Reis reports that apartment rents grew by 0.6% nationally during the fourth quarter of 2014, a bit of a slowdown from the pace observed during 2014’s second and third quarters. Nevertheless, the trend in rents is up. Annual rent growth for apartment rents was 3.5% in 2014. This the best performance in the apartment market since 2007, and apartment easily remains the best performing property type in this respect.
Yet again, rents reached record_high nominal levels during the fourth quarter. Although an improving labor market with more jobs and faster wage growth should provide landlords with more leverage to increase rents, over time this will be stymied by the sheer number of new units coming on line, thereby increasing competition in the market. Although rent growth should remain positive for the next five years, the rate of growth is anticipated to slow, even as new units come on line with rents that are higher than the market average.
The national vacancy rate was unchanged at 4.2% during the fourth quarter of 2014. This follows the previous quarter’s slight 10-basis-point increase in vacancy, which was the first increase since the fourth quarter of 2009. Although vacancy did not continue to increase this quarter, the unchanged vacancy rate shows that the days of excess demand are likely over.

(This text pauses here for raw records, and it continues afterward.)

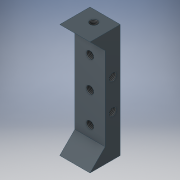
# Autodesk Inventor part: Part2
Saved by Autodesk Inventor 2017 SP1 (Build 210196100, 196)
## iProperties
Created: 2017-05-15
Part Number: Part2
Material: ABS Plastic
Document SubType Name: Modeling
Designer: zallen
Density: 1.06 g/cm^3
Appearance: CR Dark Blue
Mass: 16.1468 g
Surface Area: 68.8305 cm^2
Volume: 15.2329 cm^3
Author: zallen
Autodesk Inventor part; units mm, degrees
ref_plane "YZ Plane" through (0, 0, 0) normal (1, 0, 0) x (0, 1, 0)
ref_plane "XZ Plane" through (0, 0, 0) normal (0, 1, 0) x (-1, 0, 0)
ref_plane "XY Plane" through (0, 0, 0) normal (0, 0, 1) x (1, 0, 0)
sketch "Sketch1" plane through (0, 0, 0) normal (0, 0, 1) x (1, 0, 0)
  line L0 (-10, -27.5) -> (10, -27.5)
  line L1 (10, -27.5) -> (10, 27.5)
  line L2 (10, 27.5) -> (-10, 27.5)
  line L3 (-10, 27.5) -> (-10, -27.5)
  line L4 (-10, -27.5) -> (10, 27.5) construction
  line L5 (10, -27.5) -> (-10, 27.5) construction
  point P0 (0, 0)
  dimension "d0" = 20
  dimension "d1" = 55
  constraints: 12 end point, 2 midpoint, 2 parallel, 1 horizontal, 1 perpendicular
  measures "d0" distance of L2.end L1.end
  measures "d1" distance of L1.end L0.end
extrude "Extrusion1" add sketch "Sketch1" along normal blind 10
sketch "Sketch3" plane through (10, -27.5, 0) normal (1, 0, 0) x (0, 0, -1)
  line L0 (0, 0) -> (0, 55) construction
  line L1 (-10, 0) -> (-10, 55) projected
  line L2 (-10, 55) -> (-20, 65)
  line L3 (0, 55) -> (-10, 55)
  line L4 (-20, 65) -> (0, 65)
  line L5 (0, 65) -> (0, 55)
  line L6 (0, 27.5) -> (-50, 27.5) construction
  line L7 (-10, 0) -> (-20, -10)
  line L8 (0, 0) -> (-10, 0)
  line L9 (-20, -10) -> (0, -10)
  line L10 (0, -10) -> (0, 0)
  dimension "d8" = 20
  dimension "d12" = 10
  dimension "d13" = 50
  constraints: 18 end point, 2 symmetric about line, 1 collinear, 1 horizontal, 1 horizontal alignment
  measures "d8" distance of L2.end L4.end
  measures "d12" horizontal distance of L1.end L2.end
  measures "d13" distance of L6.start L6.end
extrude "Extrusion3" add sketch "Sketch3" against normal blind 20
sketch "Sketch4" plane through (0, 0, 10) normal (0, 0, 1) x (1, 0, 0)
  circle A0 centre (0, 20) radius 2.5
  circle A1 centre (0, 0) radius 2.5
  circle A2 centre (0, -20) radius 2.5
  dimension "d14" = 5
  dimension "d15" = 5
  dimension "d16" = 5
  dimension "d17" = 20
  dimension "d18" = 20
  constraints: 3 centre point, 1 coincident
  measures "d14" diameter of A0
  measures "d15" diameter of A1
  measures "d16" diameter of A2
  measures "d17" distance of A0.centre point (0, 0)
  measures "d18" distance of point (0, 0) A2.centre
sketch "Sketch5" plane through (10, -37.5, 0) normal (0, -1, 0) x (1, 0, 0)
  circle A0 centre (-10, 7.5) radius 2.5
  circle A1 centre (-10, 7.5) radius 2.5
  point P0 (-10, 0)
  dimension "d19" = 5
  dimension "d20" = 7.5
  dimension "d35" = 5
  constraints: 2 centre point, 1 coincident
  measures "d19" diameter of A0
  measures "d20" distance of point (-10, 0) A0.centre
  measures "d35" diameter of A1
extrude "Extrusion4" cut sketch "Sketch5" against normal blind 10
extrude "Extrusion5" cut sketch "Sketch4" against normal through all
thread "Thread1" size "M5x0.8" class "6H" standard "ANSI Metric M Profile" full length
thread "Thread2" size "M5x0.8" class "6H" standard "ANSI Metric M Profile" full length
thread "Thread3" size "M5x0.8" class "6H" standard "ANSI Metric M Profile" full length
thread "Thread4" size "M5x0.8" class "6H" standard "ANSI Metric M Profile" full length
thread "Thread5" size "M5x0.8" class "6H" standard "ANSI Metric M Profile" full length
sketch "Sketch6" plane through (10, 37.5, 20) normal (0, 1, 0) x (1, 0, 0)
  circle A0 centre (-10, 12.5) radius 2.5
  line L0 (0, 20) -> (0, 0) projected
  point P0 (-10, 20)
  dimension "d36" = 5
  dimension "d37" = 7.5
  dimension "d38" = 10
  constraints: 1 centre point
  measures "d36" diameter of A0
  measures "d37" distance of point (-10, 20) A0.centre
  measures "d38" distance from line of L0 A0.centre
extrude "Extrusion6" cut sketch "Sketch6" against normal blind 10
thread "Thread6" size "M5x0.8" class "6H" standard "ANSI Metric M Profile" full length
sketch "Sketch7" plane through (10, 37.5, 20) normal (1, 0, 0) x (0, 0, -1)
  circle A0 centre (15, -27.5) radius 2.5
  circle A1 centre (15, -47.5) radius 2.5
  line L0 (20, -35) -> (20, -40) projected
  line L1 (10, -40) -> (10, -35) projected
  line L2 (20, -75) -> (20, 0) projected
  point P0 (20, -37.5)
  dimension "d43" = 5
  dimension "d44" = 5
  dimension "d45" = 20
  dimension "d46" = 7.5
  dimension "d47" = 5
  dimension "d48" = 5
  constraints: 2 centre point
  measures "d43" diameter of A0
  measures "d44" diameter of A1
  measures "d45" distance of A1.centre A0.centre
  measures "d46" vertical distance of A0.centre L1.end
  measures "d47" distance from line of L2 A0.centre
  measures "d48" distance from line of L2 A1.centre
extrude "Extrusion7" cut sketch "Sketch7" against normal through all
thread "Thread7" size "M5x0.8" class "6H" standard "ANSI Metric M Profile" full length
thread "Thread8" size "M5x0.8" class "6H" standard "ANSI Metric M Profile" full length
body "Solid1"
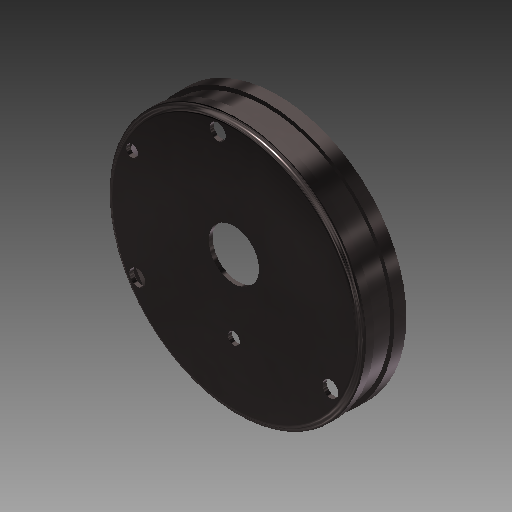
# Autodesk Inventor part: 407-02
Saved by Autodesk Inventor 2019 (Build 230136000, 136)
## iProperties
Company: Autodesk Inc.
Created: 2017-06-27
Part Number: 407-02
Material: Stainless Steel
Document SubType Name: Modeling
Designer: Autodesk Inc.
Density: 8 g/cm^3
Appearance: Anodized - Subtle Dark Bronze
Mass: 41.7849 g
Surface Area: 107.538 cm^2
Volume: 5.22311 cm^3
Author: Inventor
Autodesk Inventor part; units mm, degrees
ref_plane "YZ Plane" through (0, 0, 0) normal (1, 0, 0) x (0, 1, 0)
ref_plane "XZ Plane" through (0, 0, 0) normal (0, 1, 0) x (-1, 0, 0)
ref_plane "XY Plane" through (0, 0, 0) normal (0, 0, 1) x (1, 0, 0)
sketch "Sketch1" plane through (0, 0, 0) normal (0, 0, 1) x (1, 0, 0)
  circle A0 centre (0, 0) radius 31.875
  dimension "d0" = 63.75
  constraints: 1 centre point, 1 coincident
  measures "d0" diameter of A0
extrude "Extrusion1" add sketch "Sketch1" along normal blind 11
sketch "Sketch6" plane through (0, 0, 0) normal (1, 0, 0) x (0, 1, 0)
  line L0 (30.875, 8) -> (31.875, 8)
  line L1 (31.875, 8) -> (31.875, 3)
  line L2 (31.875, 3) -> (30.875, 3)
  line L3 (30.875, 3) -> (30.875, 8)
  line L4 (0, 0) -> (0, 11) construction
  line L5 (31.875, 11) -> (-31.875, 11) projected
  line L6 (-31.875, 0) -> (31.875, 0) projected
  circle A0 centre (31.875, 11) radius 1
  dimension "d62" = 1
  dimension "d63" = 5
  dimension "d65" = 31.875
  dimension "d66" = 63.75
  dimension "d67" = 3
  dimension "d81" = 2
  constraints: 10 end point, 2 parallel, 1 centre point, 1 coincident, 1 horizontal, 1 midpoint, 1 perpendicular
  measures "d62" distance of L1.end L2.end
  measures "d63" distance of L0.end L1.end
  measures "d65" distance from line of L4 L1.end
  measures "d66" distance of L5.start L5.end
  measures "d67" distance between parallel lines of L6 L2
  measures "d81" diameter of A0
revolve "Revolution1" cut sketch "Sketch6" angle 360 about axis through (0, 0, 0) along (0, 0, 1)
shell "Shell1" thickness 1 removed faces 1 at (5.5896, -2.5427, 0)
sketch "Sketch2" plane through (0, 0, 11) normal (0, 0, 1) x (1, 0, 0)
  circle A0 centre (0, 0) radius 31.875 projected
  point P0 (-4, 27.5)
  point P1 (-24, -13.9)
  point P2 (24, -13.9)
  dimension "d73" = 4
  dimension "d74" = 27.5
  dimension "d77" = 13.9
  dimension "d78" = 24
  dimension "d79" = 13.9
  dimension "d80" = 24
  measures "d73" horizontal distance of A0.centre point (-4, 27.5)
  measures "d74" vertical distance of A0.centre point (-4, 27.5)
  measures "d77" vertical distance of point (-24, -13.9) A0.centre
  measures "d78" horizontal distance of A0.centre point (-24, -13.9)
  measures "d79" vertical distance of point (24, -13.9) A0.centre
  measures "d80" horizontal distance of point (24, -13.9) A0.centre
hole "Hole1" at (-4, 27.5, 11) at (24, -13.9, 11) at (-24, -13.9, 11) direction (0, 0, -1) diameter 4 end through all
sketch "Sketch3" plane through (0, 0, 11) normal (0, 0, 1) x (1, 0, 0)
  circle A0 centre (0, 0) radius 31.875 projected
  point P0 (-25.3, 12.7)
  dimension "d31" = 25.3
  dimension "d32" = 12.7
  measures "d31" horizontal distance of point (-25.3, 12.7) A0.centre
  measures "d32" vertical distance of point (-25.3, 12.7) A0.centre
hole "Hole2" at (-25.3, 12.7, 11) direction (0, 0, -1) diameter 3 end through all
sketch "Sketch4" plane through (0, 0, 11) normal (0, 0, 1) x (1, 0, 0)
  point P0 (0, 0)
  point P1 (0, 3)
  dimension "d40" = 3
  constraints: 1 vertical alignment
  measures "d40" distance of point (0, 3) point (0, 0)
hole "Hole3" at (0, 3, 11) direction (0, 0, -1) diameter 12.5 end through all
sketch "Sketch5" plane through (0, 0, 11) normal (0, 0, 1) x (1, 0, 0)
  point P0 (0, 0)
  point P1 (0, -15)
  dimension "d48" = 15
  constraints: 1 vertical alignment
  measures "d48" distance of point (0, 0) point (0, -15)
hole "Hole4" at (0, -15, 11) direction (0, 0, -1) diameter 3 end through all
fillet "Fillet1" radius 1 1 edges at (0, -30.875, 11)
sketch "Sketch7" plane through (0, 0, 0) normal (0, 0, -1) x (-1, 0, 0)
  line L0 (0, 0) -> (28, 0) construction
  line L1 (28, -5) -> (28, 5) construction
  circle A0 centre (28, -5) radius 2.5
  circle A1 centre (28, 5) radius 2.5
  circle A2 centre (0, 0) radius 31.009 projected
  dimension "d83" = 28
  dimension "d84" = 10
  dimension "d85" = 5
  dimension "d86" = 5
  constraints: 4 end point, 2 centre point, 2 coincident, 1 horizontal, 1 midpoint, 1 vertical
  measures "d83" distance of L0.end L0.start
  measures "d84" distance of L1.start L1.end
  measures "d85" diameter of A0
  measures "d86" diameter of A1
extrude "Extrusion2" cut sketch "Sketch7" against normal blind 2 contours A0 | A1
fillet "Fillet2" radius 2 2 edges at (-30.4611, -5.4395, 0) (-30.4611, 5.4395, 0)
equation "\"d65\" = 0.5 * d66"
equation "\"d77\" = d79"
equation "\"d78\" = d80"
body "Solid1"

Demand had a surprising rebound during the fourth quarter to 45,027 units, the highest quarterly figure since the fourth quarter of 2013. This is an important point, even as construction increases in 2015 and beyond, demand will remain robust due to the large number of young renters in the United States. However, as we mentioned last quarter, this is the beginning of an up cycle in vacancy, and demand will struggle to keep pace with the significant amounts of new construction that should come on line over the next few years.